# Would you pay $200,000 to fly to outer space?



## cave76 (Feb 10, 2014)

(Of course only if you could afford it easily.)

I don't think I would. No, wait---- I *know* I wouldn't even if I could afford it!

What would you do?

Branson Says Space Venture to Fly Paying Customers This Year (1) - Businessweek


----------



## pacanis (Feb 10, 2014)

If I could afford it, sure.
Especially if it includes a ride in an F-16 to see if I can handle things.
And no shuttle for me. I want to parachute into the ocean and get picked up by a helicopter with that basket thingy... and then get a ride on an aircraft carrier.


----------



## Kayelle (Feb 10, 2014)

I wouldn't but DH sure would! He's talked about it often.

He has such a passion for flying that if I won the lottery it's the first thing I would buy for him.  He has fulfilled *so many* wishes on my bucket list, it would be such a thrill to do that for him.


----------



## roadfix (Feb 10, 2014)

Sure, if I can easily afford it.  But I would like to experience a true re-entry with communications blackout, and like Pac mentioned, an ocean splashdown with all the bells and whistles....lol..


----------



## Dawgluver (Feb 10, 2014)

I don't think so.  But I would use some of those rocket things that fly you just above the ocean, like you're walking on it!  And parasailing!

Pac, didn't you teach parachuting at one time?


----------



## cave76 (Feb 10, 2014)

Another thing I never considered doing is BASE jumping.

Newlywed dies after BASE jump attempt in Zion National Park in Utah - CNN.com

"(CNN) -- A newlywed woman died after plunging about 2,000 feet after a BASE jumping attempt in Utah's rugged Zion National Park, authorities said Sunday.
)name deleted here) 28, and her husband of two weeks, (name deleted here), climbed up Mount Kinesava, a 7,276-foot peak that overlooks the park, on Saturday, the National Park Service said.

The Salt Lake City couple were said to be experienced BASE jumpers -- in which participants leap from fixed objects, such as mountains or buildings, using parachutes to slow their falls.

*The risky activity is illegal inside Zion National Park, authorities said*."


----------



## pacanis (Feb 10, 2014)

Dawgluver said:


> I don't think so. But I would use some of those rocket things that fly you just above the ocean, like you're walking on it! And parasailing!
> 
> Pac, didn't you teach parachuting at one time?


 
I did.


----------



## Kayelle (Feb 10, 2014)

Have you ever base jumped Pac?  That's such a horrible story about the newlyweds.


----------



## taxlady (Feb 10, 2014)

I would love to fly into outer space. I would want to wait a bit and see the safety record. I want the space hotel.


----------



## PrincessFiona60 (Feb 10, 2014)

Absolutely, with all the bells and whistles Pac mentioned, too!  I want to be in outer space and I would got to Mars if it was offered...


----------



## taxlady (Feb 10, 2014)

PrincessFiona60 said:


> Absolutely, with all the bells and whistles Pac mentioned, too!  I want to be in outer space and I would got to Mars if it was offered...

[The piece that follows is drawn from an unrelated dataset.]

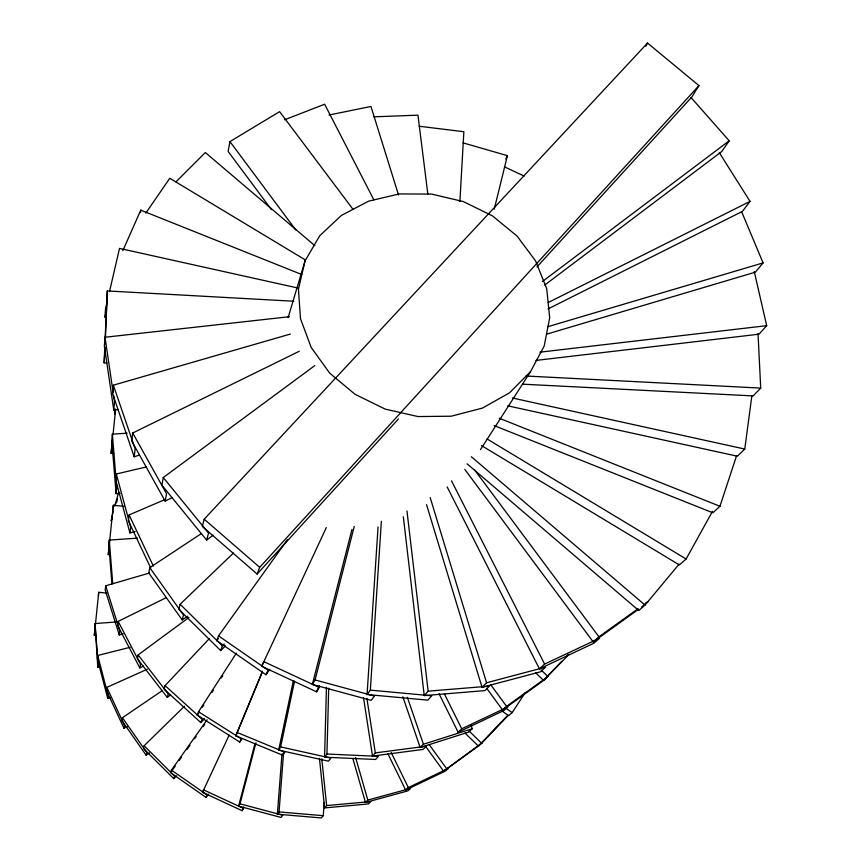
<?xml version="1.0" encoding="UTF-8"?>
<svg xmlns="http://www.w3.org/2000/svg" width="861" height="861" viewBox="0 0 861 861"><rect width="100%" height="100%" fill="white"/><g stroke="black" fill="none" stroke-linecap="round" stroke-linejoin="round"><path stroke-width="1.29" d="M324.575 757.174L326.943 754.032L378.388 756.356L375.59 759.467L324.575 757.174L326.459 687.261M326.943 754.032L328.708 688.197M106.818 362.976L104.138 362.847L104.784 346.822M104.934 342.807L107.313 290.932L293.709 301.242M105.031 347.726L104.138 362.847M105.193 343.754L107.313 290.932M459.892 201.571L463.864 131.733L419.092 126.223M367.066 694.536L370.348 690.124L431.748 695.806L427.852 700.144L367.066 694.536L378.065 526.964M370.348 690.124L381.369 521.314M281.977 753.978L277.371 814.194L321.25 817.95L323.262 815.701L324.199 802.301M289.318 316.708L105.01 337.254L104.364 346.057L113.77 410.03L117.774 409.567M277.371 814.194L279.061 811.912L283.56 753.02M290.351 334.057L113.361 385.19L112.608 393.606L134.155 456.728L139.31 455.189M113.77 410.03L114.524 401.893L113.555 395.296M127.137 433.212L112.371 434.116L111.779 440.423L116.095 493.633L120.12 493.375M114.599 414.367L115.083 409.255M116.439 621.954L95.022 623.558L97.81 667.167L100.489 666.952M113.781 453.596L111.112 453.327L111.693 447.182M94.635 632.071L94.312 635.375L95.173 626.765M98.391 595.844L98.735 592.293L106.753 593.057M111.112 453.327L112.371 440.638M113.039 434.687L115.622 409.233M95.453 624.117L98.735 592.293M140.526 212.559L140.763 210.149L301.802 274.541M124.038 506.333L113.34 505.246L108.238 554.861L108.712 550.437M137.405 538.147L109.272 540.084L108.787 544.626L111.919 583.876M146.392 466.931L116.332 474.002L115.686 480.051L129.925 532.927L135.155 531.668M112.834 510.003L113.34 505.246M130.205 647.278L97.691 655.49L97.347 658.697L107.722 698.346L110.326 697.679M149.47 573.028L105.655 585.792L105.193 590.043L119.27 634.955L123.123 633.814M116.095 493.633L116.741 487.767L112.371 434.116M97.81 667.167L98.154 664.035L95.022 623.558M299.273 351.266L132.712 433.018L131.722 441.036L165.172 501.102L172.372 497.486M134.155 456.728L135.155 448.979L113.361 385.19M507.753 405.822L737.382 456.212L744.765 449.055L751.868 395.748M164.935 499.574L129.096 514.932L128.321 520.69L150.632 567.786M147.306 669.223L106.829 687.369L106.42 690.393L123.93 728.169L127.6 726.501M129.925 532.927L130.7 527.341L116.332 474.002M166.345 597.62L118.151 621.384L117.58 625.409L139.816 667.921L143.421 666.123M107.722 698.346L108.142 695.397L97.691 655.49M119.27 634.955L119.84 631.038L105.655 585.792M314.706 365.656L163.256 477.532L161.89 485.173L206.629 540.105L213.065 535.251M201.388 533.562L149.782 567.657L148.802 572.995L182.188 619.931L187.773 616.175M162.406 690.533L122.413 717.74L121.896 720.592L146.144 755.205L149.459 752.923M353.085 209.427L279.61 111.65L229.952 141.602L228.122 151.45L271.452 209.654M165.172 501.102L166.56 493.751L132.712 433.018M123.93 728.169L124.458 725.392L106.829 687.369M188.882 617.488L138.104 654.93L137.373 658.74L167.271 697.399L170.5 694.988M139.816 667.921L140.569 664.229L118.151 621.384M278.673 750.103L280.643 746.917L330.85 758.089L328.461 761.178L278.673 750.103L293.397 680.513M280.643 746.917L294.548 681.148M105.526 314.846L104.924 317.44L105.559 308.582L107.076 302.05M109.508 291.578L119.528 248.398L297.831 288.015M305.042 260.894L298.444 289.199L300.5 318.731L311.165 347.424L329.774 373.233L355.033 394.295L385.158 409.093L418.005 416.563L451.218 416.207L482.429 408.092L509.475 392.864L530.516 371.672L544.195 346.025L549.684 317.741L546.713 288.726L535.574 260.905L517.074 236.086L492.449 215.874L463.326 201.571L431.598 194.08L399.31 193.929L368.562 201.173L341.43 215.401L319.732 235.742L305.042 260.894L288.134 317.569M494.246 209.169L507.409 155.658L463.057 142.872M233.417 553.074L180.11 604.239L178.819 609.297L220.664 650.572L225.474 645.868M184.426 706.257L144.121 745.755L143.432 748.435L173.761 778.667L176.613 775.826M312.36 684.441L315.061 679.953L374.481 696.043L371.188 700.348L312.36 684.441L351.966 529.44M315.061 679.953L354.258 526.415M536.963 266.932L691.824 96.97L698.949 85.605L647.526 43.05L204.208 519.183L202.324 526.448L257.127 574.05L398.406 418.995M238.605 806.133L240.004 803.819L282.752 815.206L281.052 817.444L238.605 806.133L254.899 743.861M240.004 803.819L255.954 742.828M182.188 619.931L183.501 615.023L149.782 567.657M146.144 755.205L146.833 752.6L122.413 717.74M209.255 638.701L165.075 685.604L164.117 689.198L200.85 722.605L204.509 718.666M206.629 540.105L208.545 533.088L163.256 477.532M167.271 697.399L168.25 693.901L138.104 654.93M113.146 511.273L111.187 520.937L112.317 517.074M114.621 506.236L118.667 492.374M116.45 502.899L117.58 499.025M494.182 425.603L712.843 512.812L719.947 506.29L736.618 455.598M207.103 719.774L171.447 770.132L170.553 772.661L206.059 797.426L208.373 794.122M269.827 669.245L265.963 674.744L216.832 640.67L218.511 635.859L287.391 539.739M173.761 778.667L174.665 776.202L144.121 745.755M220.664 650.572L222.375 645.901L224.29 644.028M241.919 738.684L239.756 742.085L197.255 715.168L198.514 711.756L236.388 653.144M257.127 574.05L259.688 567.334L698.949 85.605M200.85 722.605L202.12 719.269L165.075 685.604M262.411 671.3L235.796 735.864L282.699 755.237L284.205 751.502M235.796 735.864L262.508 671.655M122.832 250.702L140.763 210.149M326.341 527.556L261.701 666.296L316.557 691.803L319.345 685.69M229.144 735.154L202.518 792.303L242.102 810.685L243.781 807.026M202.518 792.303L203.637 789.903L243.512 808.414L242.102 810.685M261.701 666.296L263.853 661.678L319.27 687.444L316.557 691.803M505.805 159.027L507.409 155.658M206.059 797.426L207.2 795.069L171.447 770.132M265.963 674.744L268.137 670.256L218.511 635.859M239.756 742.085L241.36 738.889L198.514 711.756M481.482 445.557L679.394 564.956L686.109 559.004L712.51 511.326M645.739 46.268L647.526 43.05M282.699 755.237L284.69 752.127L237.388 732.582M480.449 449.668L530.516 371.672M197.255 715.168L199.451 711.789M202.367 707.268L203.82 705.019M211.849 692.599L213.302 690.339M221.331 677.919L222.784 675.67M502.049 711.089L508.679 715.663L512.155 712.585L525.275 692.578M145.8 213.108L169.768 178.292L305.526 260.044M691.071 97.584L729.202 140.795L721.798 151.482L544.712 285.066M171.328 771.564L175.214 766.086M179.088 760.618L181.413 757.336M186.837 749.662L189.937 745.282M194.586 738.716L196.136 736.532M203.11 726.673L204.66 724.488M216.832 640.67L218.393 638.485M719.258 152.569L750.028 201.399L742.462 211.343L548.026 308.938M741.687 211.849L763.083 262.917L755.409 272.151L546.606 334.186M467.092 463.821L638.765 610.535L645.04 605.089L679.103 564.149M324.586 807.909L326.631 805.562L370.8 801.58L368.443 803.948L324.586 807.909L319.463 758.412M424.247 695.613L428.143 691.168L489.425 686.142L484.915 690.608L424.247 695.613L403.314 516.729M372.501 756.066L375.31 752.891L426.335 746.207L423.106 749.425L372.501 756.066L363.503 697.582M754.247 271.516L766.688 325.673L759.015 334.197L535.919 360.425M464.94 732.969L478.382 746.089L507.592 715.523M508.27 715.351L481.622 743.247L469.116 731.043M535.79 672.904L543.517 680.394L546.261 677.521M548.08 675.605L561.781 661.27M566.344 656.491L568.174 654.575M543.517 680.394L569.046 654.328M758.024 333.562L760.715 388.096L753.127 395.92L522.498 384.167M365.473 802.474L367.83 800.084L410.525 788.407L407.856 790.872L365.473 802.474L352.881 758.638M402.83 696.721L420.19 747.509L423.429 744.238L472.258 728.707L470.935 724.908M482.042 687.326L486.573 682.773L545.626 667.114L540.514 671.806L482.042 687.326L426.539 504.654M176.053 181.779L205.349 152.537L314.868 245.676M458.138 732.216L461.722 728.793L507.904 706.913L503.943 710.497L458.138 732.216L439.035 693.708M405.66 790.064L408.329 787.567L448.15 768.529L445.202 771.155L405.66 790.064L387.967 753.838M472.258 728.707L468.621 732.098L420.19 747.509M539.438 668.857L544.604 664.079L599.525 638.238L593.821 643.253L539.438 668.857L447.139 486.906M502.598 710.002L506.58 706.375L547.822 676.66L543.506 680.513L502.598 710.002L486.702 688.316M425.495 746.218L443.587 771.198L482.203 742.763L478.382 746.089M464.822 469.439L593.207 641.908L598.965 636.817L638.044 608.673M641.596 607.048L647.806 601.645L645.642 603.206M542.408 281.536L729.202 140.795M443.587 771.198L478.985 745.583M593.207 641.908L638.367 609.373M548.339 302.459L750.028 201.399M284.582 119.787L324.662 104.246L373.846 199.817M547.757 326.717L763.083 262.917M329.031 115.03L370.951 106.452L398.535 194.984M539.965 352.171L766.688 325.673M374.008 116.827L417.962 115.159L427.809 193.865M525.963 376.009L760.715 388.096M279.061 811.912L323.262 815.701M512.446 398.008L744.765 449.055M499.197 418.209L719.947 506.29M504.686 166.959L524.091 176.042M487.035 438.938L686.109 559.004M505.525 708.011L512.155 712.585M471.333 456.728L645.04 605.089M204.208 519.183L259.688 567.334M541.128 669.955L547.887 676.488M180.11 604.239L222.375 645.901M229.952 141.602L295.732 229.887M474.615 469.955L598.965 636.817M490.673 684.678L506.58 706.375M429.219 744.636L446.558 768.55M451.508 480.836L544.604 664.079M444.394 693.901L461.722 728.793M391.206 752.525L408.329 787.567M129.096 514.932L153.355 566.107M407.35 697.27L423.429 744.238M430.166 497.507L486.573 682.773M355.593 757.508L367.83 800.084M366.904 698.411L375.31 752.891M105.01 337.254L113.168 392.659M406.973 511.014L428.143 691.168M321.799 758.875L326.631 805.562M109.272 540.084L112.737 583.575"/></g></svg>

Mars has a definite appeal. But, isn't that a big commitment? Wouldn't that take two or three years round trip?


----------



## Kayelle (Feb 10, 2014)

taxlady said:


> Mars has a definite appeal. But, isn't that a big commitment? Wouldn't that take two or three years round trip?



 and I crab about flying eleven hours to Europe. Not for me!


----------



## Dawgluver (Feb 10, 2014)

Kayelle said:


> I wouldn't but DH sure would! He's talked about it often.
> 
> He has such a passion for flying that if I won the lottery it's the first thing I would buy for him.  He has fulfilled so many wishes on my bucket list, it would be such a thrill to do that for him.



Awww.  Hope you win the lottery, Kayelle!  Make sure DH takes pics!

I do more prefer the underwater scenery, but wouldn't mind the helicopter and aircraft carrier rides....


----------



## PrincessFiona60 (Feb 10, 2014)

taxlady said:


> Mars has a definite appeal. But, isn't that a big commitment? Wouldn't that take two or three years round trip?



I'm sure if I made it to Mars, I would not be coming back...I might even stay on the moon if allowed.


----------



## Andy M. (Feb 10, 2014)

pacanis said:


> If I could afford it, sure.
> Especially if it includes a ride in an F-16 to see if I can handle things.
> And no shuttle for me. I want to parachute into the ocean and get picked up by a helicopter with that basket thingy... and then get a ride on an aircraft carrier.




I would not.

But I'd love to see the video of pacanis' trip.


----------



## roadfix (Feb 10, 2014)

I would love to spend a week on a rotating ferris wheel space station/hotel.  You'll have artificial gravity so you can stay put and maneuver normally.
I can relax at the bar with some martinis and listen to some Strauss on my ipod...


----------



## PrincessFiona60 (Feb 10, 2014)

roadfix said:


> I would love to spend a week on a rotating ferris wheel space station/hotel.  You'll have artificial gravity so you can stay put and maneuver normally.
> I can relax at the bar with some martinis and listen to some Strauss on my ipod...



Also Sprach Zarathustra?

Richard Strauss - Also Sprach Zarathustra / 2001 Space Odyssey opening theme - YouTube


----------



## Kayelle (Feb 10, 2014)

roadfix said:


> I would love to spend a week on a rotating ferris wheel space station/hotel.  You'll have artificial gravity so you can stay put and maneuver normally.
> I can relax at the bar with some martinis and listen to some Strauss on my ipod...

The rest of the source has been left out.